» DATA TO PROCESS
---
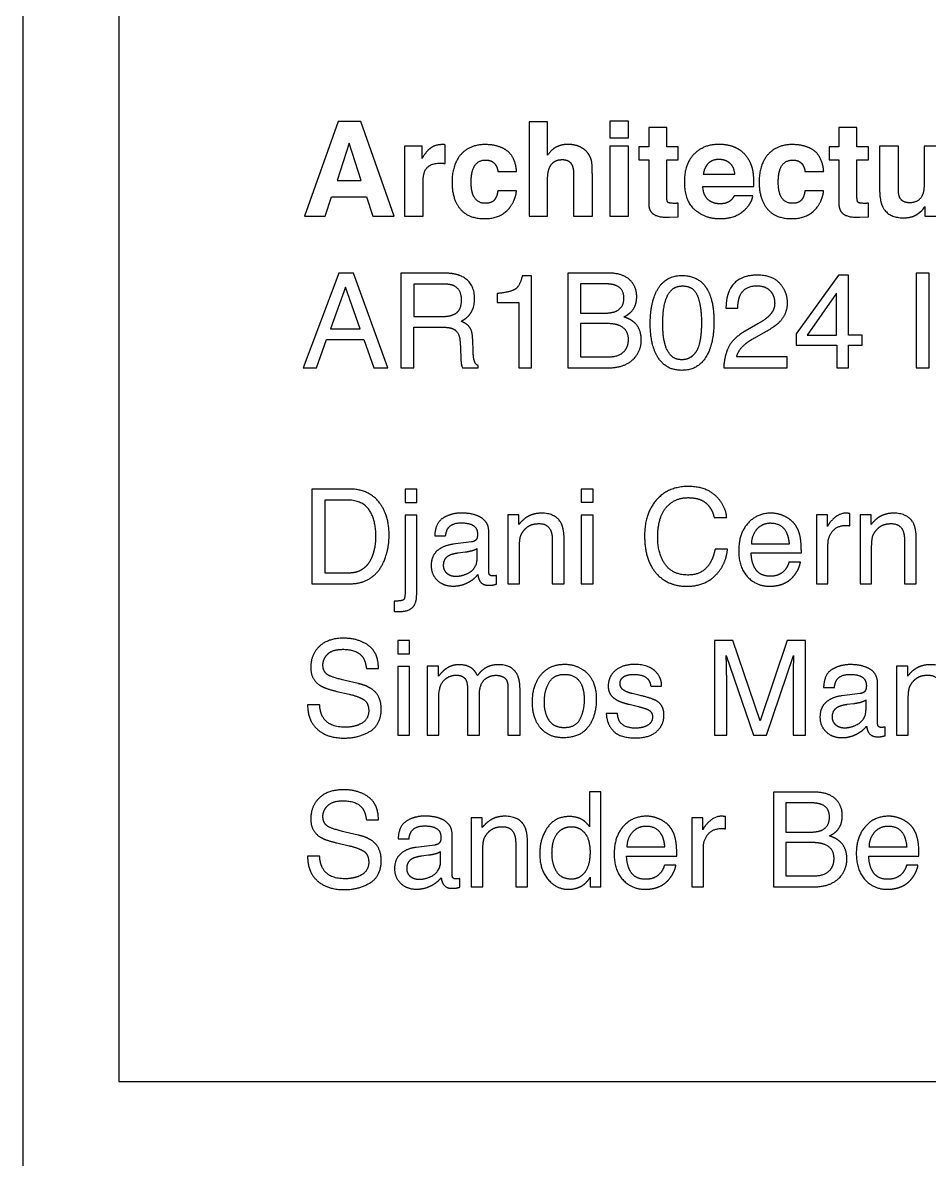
# Model space of a CAD drawing. Header units: millimetres. Extents: x 1134 to 5129, y -2137 to 2987.
# Drawn here: x 4260.5 to 4307.7, y 1705.8 to 1765 of the extents above; entities that cross this region are included whole.
import ezdxf

# ---------------------------------------------------------------- set-up
doc = ezdxf.new("R2010")
doc.units = ezdxf.units.MM
doc.linetypes.add('ACAD_ISO03W100', pattern=[30, 12, -18])
for name, color, linetype, true_color in [('01 engraving', 1, 'Continuous', 0xff0000), ('03 cutting', 5, 'Continuous', 0x0000ff), ('layout', 3, 'Continuous', 0x00ff00)]:
    doc.layers.add(name, color=color, linetype=linetype, true_color=true_color)

msp = doc.modelspace()

# ---------------------------------------------------------------- linework, layer by layer
at = {"layer": '01 engraving'}
for p, q in [((4276.932, 1759.828), (4275.171, 1754.896)), ((4278.098, 1759.828), (4276.932, 1759.828)), ((4279.843, 1754.896), (4278.098, 1759.828)), ((4286.878, 1759.811), (4286.878, 1754.896)), ((4287.832, 1759.811), (4286.878, 1759.811)), ((4287.832, 1758.071), (4287.832, 1759.811)), ((4291.071, 1759.858), (4291.071, 1758.978)), ((4292.038, 1759.858), (4291.071, 1759.858)), ((4292.038, 1758.978), (4292.038, 1759.858)), ((4293.095, 1759.527), (4293.095, 1758.51)), ((4294.039, 1759.527), (4293.095, 1759.527)), ((4294.039, 1758.51), (4294.039, 1759.527)), ((4303, 1759.527), (4303, 1758.51)), ((4303.943, 1759.527), (4303, 1759.527)), ((4303.943, 1758.51), (4303.943, 1759.527)), ((4277.504, 1758.7), (4276.864, 1756.76)), ((4278.127, 1756.76), (4277.504, 1758.7)), ((4282.501, 1757.646), (4282.501, 1758.624)), ((4291.071, 1758.978), (4292.038, 1758.978)), ((4280.383, 1758.543), (4280.383, 1754.896)), ((4281.293, 1758.543), (4280.383, 1758.543)), ((4281.293, 1757.907), (4281.293, 1758.543)), ((4292.038, 1758.543), (4291.071, 1758.543)), ((4291.071, 1758.543), (4291.071, 1754.896)), ((4292.038, 1754.896), (4292.038, 1758.543)), ((4292.587, 1758.51), (4292.587, 1757.83)), ((4293.095, 1758.51), (4292.587, 1758.51)), ((4294.631, 1758.51), (4294.039, 1758.51)), ((4294.631, 1757.83), (4294.631, 1758.51)), ((4302.491, 1758.51), (4302.491, 1757.83)), ((4303, 1758.51), (4302.491, 1758.51)), ((4304.536, 1758.51), (4303.943, 1758.51)), ((4304.536, 1757.83), (4304.536, 1758.51)), ((4305.121, 1758.543), (4305.121, 1756.345)), ((4306.098, 1758.543), (4305.121, 1758.543)), ((4306.098, 1756.345), (4306.098, 1758.543)), ((4307.44, 1758.543), (4307.44, 1756.559)), ((4308.407, 1758.543), (4307.44, 1758.543)), ((4292.587, 1757.83), (4293.095, 1757.83)), ((4293.095, 1757.83), (4293.095, 1755.585)), ((4294.039, 1757.83), (4294.631, 1757.83)), ((4294.039, 1755.903), (4294.039, 1757.83)), ((4302.491, 1757.83), (4303, 1757.83)), ((4303, 1757.83), (4303, 1755.585)), ((4303.943, 1757.83), (4304.536, 1757.83)), ((4303.943, 1755.903), (4303.943, 1757.83)), ((4285.242, 1757.235), (4286.219, 1757.235)), ((4287.832, 1754.896), (4287.832, 1756.872)), ((4289.187, 1757.117), (4289.187, 1754.896)), ((4290.161, 1754.896), (4290.161, 1757.039)), ((4295.939, 1757.081), (4297.582, 1757.081)), ((4301.236, 1757.235), (4302.214, 1757.235)), ((4276.864, 1756.76), (4278.127, 1756.76)), ((4281.344, 1754.896), (4281.344, 1756.639)), ((4286.209, 1756.221), (4285.235, 1756.221)), ((4295.916, 1756.452), (4298.572, 1756.452)), ((4302.203, 1756.221), (4301.23, 1756.221)), ((4276.249, 1754.896), (4276.583, 1755.91)), ((4276.583, 1755.91), (4278.4, 1755.91)), ((4278.4, 1755.91), (4278.725, 1754.896)), ((4298.523, 1755.963), (4297.549, 1755.963)), ((4294.631, 1754.862), (4294.631, 1755.575)), ((4304.536, 1754.862), (4304.536, 1755.575)), ((4307.48, 1755.411), (4307.48, 1754.896)), ((4275.171, 1754.896), (4276.249, 1754.896)), ((4278.725, 1754.896), (4279.843, 1754.896)), ((4280.383, 1754.896), (4281.344, 1754.896)), ((4286.878, 1754.896), (4287.832, 1754.896)), ((4289.187, 1754.896), (4290.161, 1754.896)), ((4291.071, 1754.896), (4292.038, 1754.896)), ((4294.179, 1754.846), (4294.631, 1754.862)), ((4304.084, 1754.846), (4304.536, 1754.862)), ((4307.48, 1754.896), (4308.407, 1754.896)), ((4276.962, 1751.937), (4275.105, 1747.004)), ((4277.717, 1751.937), (4276.962, 1751.937)), ((4279.507, 1747.004), (4277.717, 1751.937)), ((4280.19, 1751.937), (4280.19, 1747.004)), ((4282.432, 1751.937), (4280.19, 1751.937)), ((4286.986, 1751.792), (4286.509, 1751.792)), ((4286.986, 1747.004), (4286.986, 1751.792)), ((4288.883, 1751.937), (4288.883, 1747.004)), ((4291.015, 1751.937), (4288.883, 1751.937)), ((4302.988, 1751.826), (4300.785, 1748.77)), ((4303.498, 1751.826), (4302.988, 1751.826)), ((4303.498, 1748.707), (4303.498, 1751.826)), ((4307.695, 1751.937), (4307.02, 1751.937)), ((4307.02, 1751.937), (4307.02, 1747.004)), ((4307.695, 1747.004), (4307.695, 1751.937)), ((4277.311, 1751.205), (4276.522, 1749.026)), ((4278.07, 1749.026), (4277.311, 1751.205)), ((4280.858, 1751.362), (4280.858, 1749.677)), ((4282.445, 1751.362), (4280.858, 1751.362)), ((4289.537, 1751.379), (4289.537, 1749.852)), ((4290.742, 1751.379), (4289.537, 1751.379)), ((4302.884, 1750.89), (4301.343, 1748.707)), ((4302.884, 1748.707), (4302.884, 1750.89)), ((4285.21, 1750.872), (4285.21, 1750.409)), ((4285.21, 1750.409), (4286.341, 1750.409)), ((4286.341, 1750.409), (4286.341, 1747.004)), ((4289.537, 1749.852), (4290.766, 1749.852)), ((4297.119, 1750.107), (4297.733, 1750.107)), ((4280.858, 1749.677), (4282.36, 1749.677)), ((4280.858, 1749.12), (4282.336, 1749.12)), ((4280.858, 1747.004), (4280.858, 1749.12)), ((4289.537, 1749.311), (4289.537, 1747.575)), ((4290.876, 1749.311), (4289.537, 1749.311)), ((4298.774, 1749.294), (4298.129, 1748.921)), ((4276.522, 1749.026), (4278.07, 1749.026)), ((4298.616, 1748.569), (4299.076, 1748.824)), ((4300.785, 1748.77), (4300.785, 1748.179)), ((4301.343, 1748.707), (4302.884, 1748.707)), ((4304.207, 1748.707), (4303.498, 1748.707)), ((4304.207, 1748.179), (4304.207, 1748.707)), ((4275.79, 1747.004), (4276.325, 1748.482)), ((4276.325, 1748.482), (4278.26, 1748.482)), ((4278.26, 1748.482), (4278.775, 1747.004)), ((4283.269, 1748.381), (4283.309, 1747.558)), ((4283.954, 1747.837), (4283.93, 1748.498)), ((4300.785, 1748.179), (4302.894, 1748.179)), ((4302.894, 1748.179), (4302.894, 1747.004)), ((4303.498, 1748.179), (4304.207, 1748.179)), ((4303.498, 1747.004), (4303.498, 1748.179)), ((4289.537, 1747.575), (4290.991, 1747.575)), ((4300.302, 1747.575), (4297.676, 1747.575)), ((4300.302, 1747.004), (4300.302, 1747.575)), ((4275.105, 1747.004), (4275.79, 1747.004)), ((4278.775, 1747.004), (4279.507, 1747.004)), ((4280.19, 1747.004), (4280.858, 1747.004)), ((4283.396, 1747.004), (4284.216, 1747.004)), ((4284.216, 1747.004), (4284.216, 1747.115)), ((4286.341, 1747.004), (4286.986, 1747.004)), ((4288.883, 1747.004), (4290.981, 1747.004)), ((4297.001, 1747.004), (4300.302, 1747.004)), ((4302.894, 1747.004), (4303.498, 1747.004)), ((4307.02, 1747.004), (4307.695, 1747.004)), ((4275.553, 1740.689), (4275.553, 1735.757)), ((4277.525, 1740.689), (4275.553, 1740.689)), ((4280.408, 1740.689), (4280.408, 1739.991)), ((4281.013, 1740.689), (4280.408, 1740.689)), ((4281.013, 1739.991), (4281.013, 1740.689)), ((4290.199, 1740.689), (4289.584, 1740.689)), ((4289.584, 1740.689), (4289.584, 1740.004)), ((4290.199, 1740.004), (4290.199, 1740.689)), ((4276.228, 1740.115), (4276.228, 1736.328)), ((4277.387, 1740.115), (4276.228, 1740.115)), ((4280.408, 1739.991), (4281.013, 1739.991)), ((4289.584, 1740.004), (4290.199, 1740.004)), ((4280.408, 1739.336), (4280.408, 1735.287)), ((4281.013, 1739.336), (4280.408, 1739.336)), ((4281.013, 1735.223), (4281.013, 1739.336)), ((4285.76, 1739.353), (4285.76, 1735.757)), ((4286.334, 1739.353), (4285.76, 1739.353)), ((4286.334, 1738.842), (4286.334, 1739.353)), ((4290.199, 1739.336), (4289.584, 1739.336)), ((4289.584, 1739.336), (4289.584, 1735.757)), ((4290.199, 1735.757), (4290.199, 1739.336)), ((4296.508, 1739.208), (4297.159, 1739.208)), ((4301.829, 1739.353), (4301.829, 1735.757)), ((4302.404, 1739.353), (4301.829, 1739.353)), ((4302.404, 1738.732), (4302.404, 1739.353)), ((4303.579, 1738.779), (4303.579, 1739.416)), ((4304.102, 1739.353), (4304.102, 1735.757)), ((4304.677, 1739.353), (4304.102, 1739.353)), ((4304.677, 1738.842), (4304.677, 1739.353)), ((4281.956, 1738.251), (4282.52, 1738.251)), ((4283.863, 1737.933), (4282.9, 1737.812)), ((4284.77, 1736.374), (4284.77, 1738.446)), ((4288.077, 1738.023), (4288.077, 1735.757)), ((4288.691, 1735.757), (4288.691, 1738.063)), ((4306.419, 1738.023), (4306.419, 1735.757)), ((4307.034, 1735.757), (4307.034, 1738.063)), ((4283.539, 1737.399), (4283.174, 1737.352)), ((4284.165, 1737.098), (4284.165, 1737.584)), ((4286.365, 1735.757), (4286.365, 1737.64)), ((4297.206, 1737.566), (4296.555, 1737.566)), ((4298.432, 1737.362), (4301.047, 1737.362)), ((4298.445, 1737.842), (4300.426, 1737.842)), ((4302.434, 1735.757), (4302.434, 1737.825)), ((4304.707, 1735.757), (4304.707, 1737.64)), ((4300.997, 1736.885), (4300.402, 1736.885)), ((4276.228, 1736.328), (4277.394, 1736.328)), ((4285.169, 1735.74), (4285.169, 1736.186)), ((4275.553, 1735.757), (4277.518, 1735.757)), ((4285.76, 1735.757), (4286.365, 1735.757)), ((4288.077, 1735.757), (4288.691, 1735.757)), ((4289.584, 1735.757), (4290.199, 1735.757)), ((4301.829, 1735.757), (4302.434, 1735.757)), ((4304.102, 1735.757), (4304.707, 1735.757)), ((4306.419, 1735.757), (4307.034, 1735.757)), ((4279.837, 1734.847), (4279.837, 1734.323)), ((4280.643, 1732.797), (4280.029, 1732.797)), ((4280.029, 1732.797), (4280.029, 1732.112)), ((4280.643, 1732.112), (4280.643, 1732.797)), ((4296.521, 1732.797), (4296.521, 1727.865)), ((4297.478, 1732.797), (4296.521, 1732.797)), ((4298.897, 1728.627), (4297.478, 1732.797)), ((4300.305, 1732.797), (4298.897, 1728.627)), ((4301.255, 1732.797), (4300.305, 1732.797)), ((4301.255, 1727.865), (4301.255, 1732.797)), ((4280.029, 1732.112), (4280.643, 1732.112)), ((4297.139, 1732.025), (4298.561, 1727.865)), ((4297.139, 1731.874), (4297.139, 1732.025)), ((4299.223, 1727.865), (4300.631, 1732.025)), ((4280.643, 1731.444), (4280.029, 1731.444)), ((4280.029, 1731.444), (4280.029, 1727.865)), ((4280.643, 1727.865), (4280.643, 1731.444)), ((4281.557, 1731.461), (4281.557, 1727.865)), ((4282.154, 1731.461), (4281.557, 1731.461)), ((4282.154, 1730.951), (4282.154, 1731.461)), ((4306.01, 1731.461), (4306.01, 1727.865)), ((4306.584, 1731.461), (4306.01, 1731.461)), ((4306.584, 1730.951), (4306.584, 1731.461)), ((4278.394, 1731.35), (4279.022, 1731.35)), ((4297.159, 1727.865), (4297.159, 1730.776)), ((4300.617, 1730.776), (4300.617, 1727.865)), ((4277.962, 1730.561), (4277.292, 1730.719)), ((4283.665, 1730.212), (4283.665, 1727.865)), ((4285.767, 1730.363), (4285.767, 1727.865)), ((4286.395, 1727.865), (4286.395, 1730.259)), ((4293.201, 1730.427), (4293.771, 1730.427)), ((4302.205, 1730.36), (4302.769, 1730.36)), ((4305.019, 1728.483), (4305.019, 1730.555)), ((4276.849, 1730.155), (4277.497, 1730.004)), ((4282.161, 1727.865), (4282.161, 1729.772)), ((4284.28, 1727.865), (4284.28, 1729.957)), ((4292.65, 1729.94), (4292.243, 1730.038)), ((4304.113, 1730.041), (4303.149, 1729.921)), ((4304.415, 1729.207), (4304.415, 1729.693)), ((4306.614, 1727.865), (4306.614, 1729.749)), ((4275.96, 1729.457), (4275.332, 1729.457)), ((4291.468, 1728.993), (4290.887, 1728.993)), ((4292.073, 1729.48), (4292.561, 1729.359)), ((4303.788, 1729.508), (4303.423, 1729.461)), ((4280.029, 1727.865), (4280.643, 1727.865)), ((4281.557, 1727.865), (4282.161, 1727.865)), ((4283.665, 1727.865), (4284.28, 1727.865)), ((4285.767, 1727.865), (4286.395, 1727.865)), ((4296.521, 1727.865), (4297.159, 1727.865)), ((4298.561, 1727.865), (4299.223, 1727.865)), ((4300.617, 1727.865), (4301.255, 1727.865)), ((4305.419, 1727.848), (4305.419, 1728.295)), ((4306.01, 1727.865), (4306.614, 1727.865)), ((4290.018, 1724.923), (4290.018, 1723.106)), ((4290.598, 1724.923), (4290.018, 1724.923)), ((4290.598, 1719.974), (4290.598, 1724.923)), ((4299.59, 1724.906), (4299.59, 1719.974)), ((4301.722, 1724.906), (4299.59, 1724.906)), ((4300.245, 1724.349), (4300.245, 1722.821)), ((4301.449, 1724.349), (4300.245, 1724.349)), ((4278.394, 1723.459), (4279.022, 1723.459)), ((4283.853, 1723.57), (4283.853, 1719.974)), ((4284.427, 1723.57), (4283.853, 1723.57)), ((4284.427, 1723.059), (4284.427, 1723.57)), ((4295.343, 1723.57), (4295.343, 1719.974)), ((4295.917, 1723.57), (4295.343, 1723.57)), ((4295.917, 1722.948), (4295.917, 1723.57)), ((4297.092, 1722.995), (4297.092, 1723.633)), ((4277.962, 1722.67), (4277.292, 1722.828)), ((4282.863, 1720.591), (4282.863, 1722.663)), ((4300.245, 1722.821), (4301.473, 1722.821)), ((4276.849, 1722.263), (4277.497, 1722.112)), ((4280.049, 1722.468), (4280.613, 1722.468)), ((4281.956, 1722.15), (4280.992, 1722.029)), ((4286.17, 1722.24), (4286.17, 1719.974)), ((4286.784, 1719.974), (4286.784, 1722.28)), ((4291.958, 1722.059), (4293.939, 1722.059)), ((4295.947, 1719.974), (4295.947, 1722.042)), ((4300.245, 1722.28), (4300.245, 1720.544)), ((4301.583, 1722.28), (4300.245, 1722.28)), ((4304.569, 1722.059), (4306.55, 1722.059)), ((4275.96, 1721.565), (4275.332, 1721.565)), ((4281.632, 1721.616), (4281.266, 1721.569)), ((4282.258, 1721.315), (4282.258, 1721.801)), ((4284.457, 1719.974), (4284.457, 1721.857)), ((4291.945, 1721.579), (4294.56, 1721.579)), ((4304.556, 1721.579), (4307.171, 1721.579)), ((4294.51, 1721.102), (4293.916, 1721.102)), ((4307.121, 1721.102), (4306.527, 1721.102)), ((4283.262, 1719.957), (4283.262, 1720.403)), ((4290.054, 1720.474), (4290.054, 1719.974)), ((4300.245, 1720.544), (4301.699, 1720.544)), ((4283.853, 1719.974), (4284.457, 1719.974)), ((4286.17, 1719.974), (4286.784, 1719.974)), ((4290.054, 1719.974), (4290.598, 1719.974)), ((4295.343, 1719.974), (4295.947, 1719.974)), ((4299.59, 1719.974), (4301.688, 1719.974))]:
    msp.add_line(p, q, dxfattribs=at)
for points, knots in [([(4282.374, 1758.63), (4281.946, 1758.63), (4281.678, 1758.406), (4281.514, 1758.272), (4281.293, 1757.907)], [-16, -16, -16, -15, -15, -14, -14, -14]), ([(4286.219, 1757.235), (4286.139, 1758.015), (4285.701, 1758.322), (4285.264, 1758.63), (4284.578, 1758.63), (4283.77, 1758.63), (4283.312, 1758.108), (4282.853, 1757.586), (4282.853, 1756.648), (4282.853, 1755.816), (4283.268, 1755.294), (4283.683, 1754.772), (4284.564, 1754.772), (4285.445, 1754.772), (4285.894, 1755.398), (4286.175, 1755.786), (4286.209, 1756.221)], [-18, -18, -18, -17, -17, -16, -16, -15, -15, -14, -14, -13, -13, -12, -12, -11, -11, -10, -10, -10]), ([(4288.881, 1758.64), (4288.581, 1758.64), (4288.31, 1758.515), (4288.038, 1758.389), (4287.832, 1758.071)], [-20, -20, -20, -19, -19, -18, -18, -18]), ([(4290.161, 1757.039), (4290.161, 1757.528), (4290.127, 1757.744), (4290.094, 1757.96), (4289.944, 1758.165), (4289.768, 1758.406), (4289.493, 1758.523), (4289.218, 1758.64), (4288.881, 1758.64)], [-6, -6, -6, -5, -5, -4, -4, -3, -3, -2, -2, -2]), ([(4296.762, 1758.64), (4295.961, 1758.64), (4295.458, 1758.135), (4294.956, 1757.629), (4294.956, 1756.681), (4294.956, 1755.67), (4295.512, 1755.221), (4296.069, 1754.772), (4296.797, 1754.772), (4297.679, 1754.772), (4298.169, 1755.304), (4298.484, 1755.639), (4298.523, 1755.963)], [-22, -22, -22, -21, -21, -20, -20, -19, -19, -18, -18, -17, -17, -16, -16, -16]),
---
» WHAT NEEDS TO BE DONE
Return only the lines running from the start of the entries above to the line that contains "import ezdxf", inclusive, and omit every picture.

» EXERCISE RESULT
# Model space of a CAD drawing. Header units: millimetres. Extents: x 1134 to 5129, y -2137 to 2987.
# Drawn here: x 4260.5 to 4307.7, y 1705.8 to 1765 of the extents above; entities that cross this region are included whole.
import ezdxf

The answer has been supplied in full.